Students led an effort to rid the College’s endowment of investments in for-profit prison companies, calling it a moral issue. The divestment occurred after talks with President Nugent and William Longbrake, Chair of the Board of Trustees.

Stephen Lumetta

News Editor


On Martin Luther King Jr. Day, Black Student Association (BSA) President Chadwick Smith ’17 announced that the College had chosen to divest from for-­profit prison companies.

“Coming in as BSA president, I was [thinking] ‘What are my goals?’ And that was one: getting the College to divest,” said Smith.

After dialogues about racial justice on campus toward the end of last semester, Smith, Jahqwahn Watson ’17 and Derrius Jones ’18 spearheaded an effort to send a list of demands to President Georgia Nugent. 

Student organizations contributing to the list included BSA, Queer People of Color, Men of Harambee and the International Student Association, among other organizations. The list, which included 18 demands, was submitted in early December. 
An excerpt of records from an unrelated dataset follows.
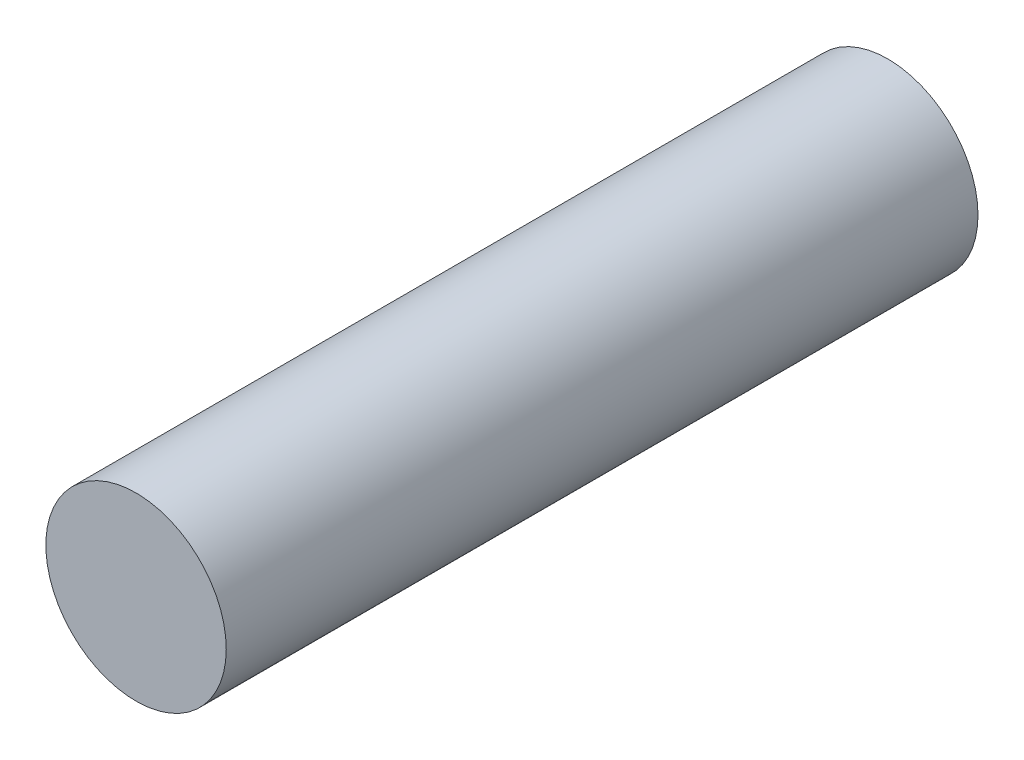
from build123d import *

# Parameters (mm, degrees)
SKETCH2_R           = 6
BOSS_EXTRUDE1_DEPTH = 50


with BuildPart() as part:
    # Sketch2 → Boss-Extrude1 (new body)
    with BuildSketch(Plane.XY):
        Circle(SKETCH2_R)
    extrude(amount=BOSS_EXTRUDE1_DEPTH)


solid = part.part
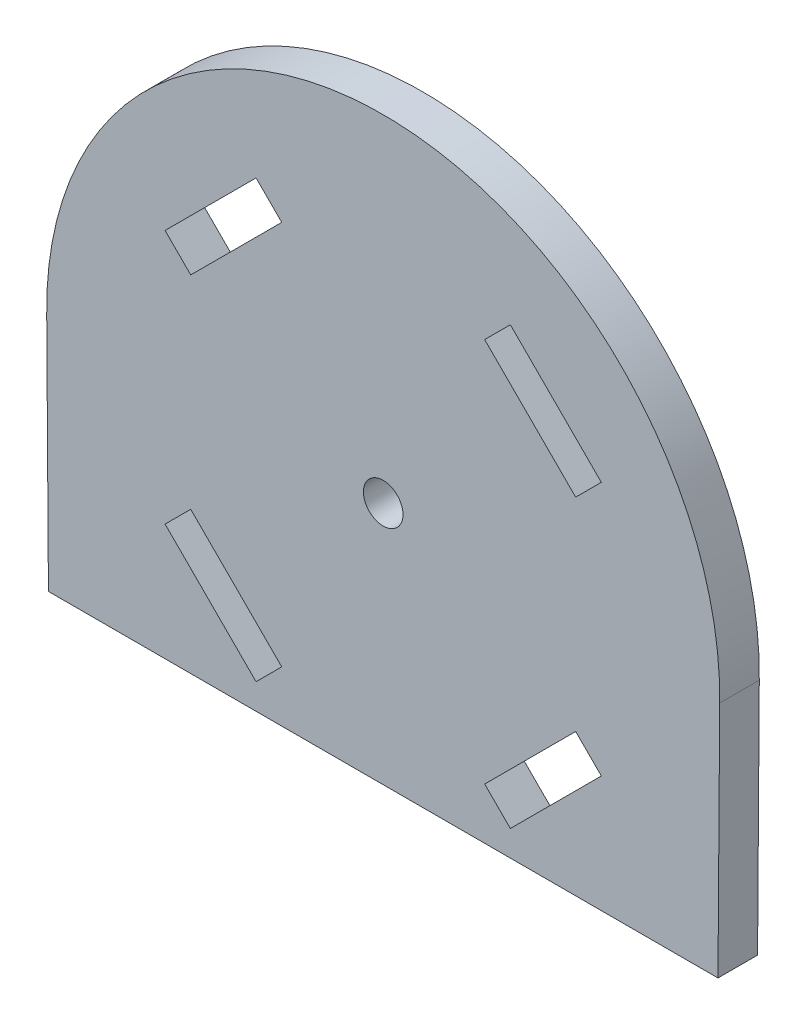
from build123d import *

# Parameters (mm, degrees)
MODEL_R             = 3
BOSS_EXTRUDE1_DEPTH = 6


with BuildPart() as part:
    # Model → Boss-Extrude1 (new body)
    with BuildSketch(Plane.XY):
        with BuildLine():
            Line((122.81162835, 8.788979227), (21.34180525, 8.788979227))
            Line((21.34180525, 8.788979227), (21.081967495, 45.003500256))
            ThreePointArc((21.081967495, 45.003500256), (72.0767168, 96.735308544), (123.071466105, 45.003500256))
            Line((123.071466105, 45.003500256), (122.81162835, 8.788979227))
        make_face()
        with Locations((72.0767168, 45.735308544)):
            Circle(MODEL_R, mode=Mode.SUBTRACT)
        Polygon((49.802853193, 68.009172151), (56.697144309, 74.903463268), (52.808057013, 78.792550564), (39.01947478, 65.003968331), (42.908562076, 61.114881035), align=None, mode=Mode.SUBTRACT)
        Polygon((49.802853193, 23.461444937), (56.697144309, 16.56715382), (52.808057013, 12.678066524), (39.01947478, 26.466648757), (42.908562076, 30.355736053), align=None, mode=Mode.SUBTRACT)
        Polygon((94.350580407, 68.009172151), (101.244871524, 61.114881035), (105.13395882, 65.003968331), (91.345376587, 78.792550564), (87.456289291, 74.903463268), align=None, mode=Mode.SUBTRACT)
        Polygon((94.350580407, 23.461444937), (101.244871524, 30.355736053), (105.13395882, 26.466648757), (91.345376587, 12.678066524), (87.456289291, 16.56715382), align=None, mode=Mode.SUBTRACT)
    extrude(amount=BOSS_EXTRUDE1_DEPTH)


solid = part.part
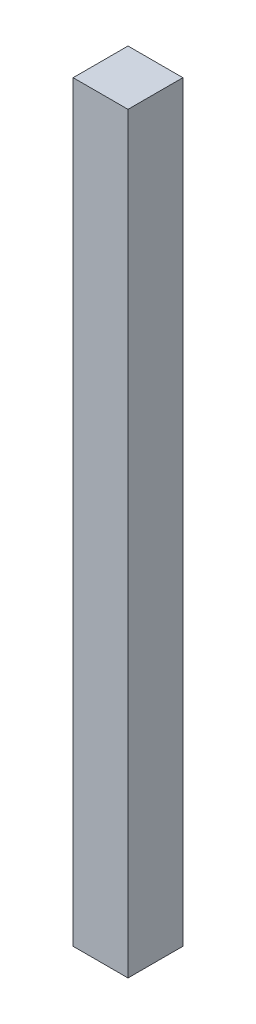
from build123d import *

# Parameters (mm, degrees)
SKETCH1_W           = 88.9
SKETCH1_H           = 88.9
BOSS_EXTRUDE1_DEPTH = 1219.2


with BuildPart() as part:
    # Sketch1 → Boss-Extrude1 (new body)
    with BuildSketch(Plane(origin=(0, 0, 0), x_dir=(1, 0, 0), z_dir=(0, 1, 0))):
        with Locations((-44.45, 44.45)):
            Rectangle(SKETCH1_W, SKETCH1_H)
    extrude(amount=BOSS_EXTRUDE1_DEPTH)


solid = part.part
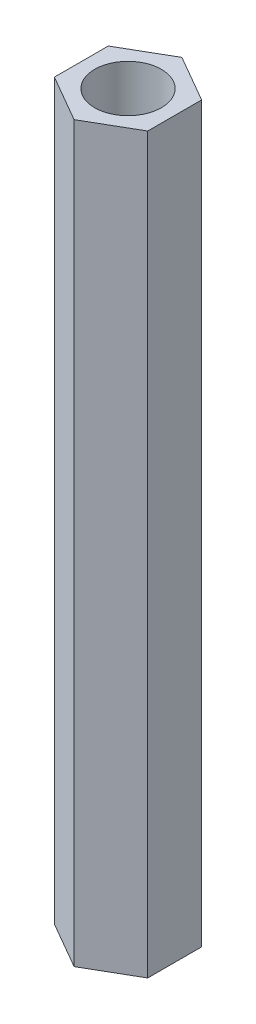
from build123d import *

# Parameters (mm, degrees)
SKETCH_1_R      = 2.5
EXTRUDE_1_DEPTH = 55


with BuildPart() as part:
    # 草图1 → 凸台-拉伸1 (new body)
    with BuildSketch(Plane(origin=(0, 0, 0), x_dir=(1, 0, 0), z_dir=(0, 1, 0))):
        Polygon((0, 4.041451884), (-3.5, 2.020725942), (-3.5, -2.020725942), (0, -4.041451884), (3.5, -2.020725942), (3.5, 2.020725942), align=None)
        Circle(SKETCH_1_R, mode=Mode.SUBTRACT)
    extrude(amount=EXTRUDE_1_DEPTH)


solid = part.part

One of the demands was that the College should not be invested in for­-profit prison companies. 

Nugent met with a few of the students, and William Longbrake, the Chair of the Board of Trustees, also met with some students to discuss the demands and ask questions. Longbrake asked Smith for the companies from which they wanted to divest, and Smith supplied him with the names of two companies: G4S, a security services company, and the Corrections Corporation of America (CCA).

Longbrake then contacted Director of College Investment John Sell to see if the College had any investment holdings in the companies. As it turned out, the College had $1,800 in a market index composed of 4,000 companies, one of which was a company that the students had requested the College not invest in. 

This $1,800 commitment in an index of 4,000 companies was out of an endowment of approximately $265 million, according to Sell.

The committee tasked with managing the endowment then swapped the $1,800 out of the index for the S&P 500 index. Nugent informed Smith and Watson in an email shortly after Christmas.

Sell emphasized that the College never decided to specifically buy or sell the prison companies. Rather, the College had previously invested in an index that contained one.

“We were happy to meet the students’ concerns without any significant impact on the endowment,” said Sell.

Smith was also pleased with the result.

“I remember when I first read about Columbia University being the first college to divest in the nation from prison companies,” said Smith. 

“We talk about having an equitable and just campus, but we also want holistic justice so we want to make sure that the College isn’t involved in someone else’s imprisonment” and injustice, said Smith.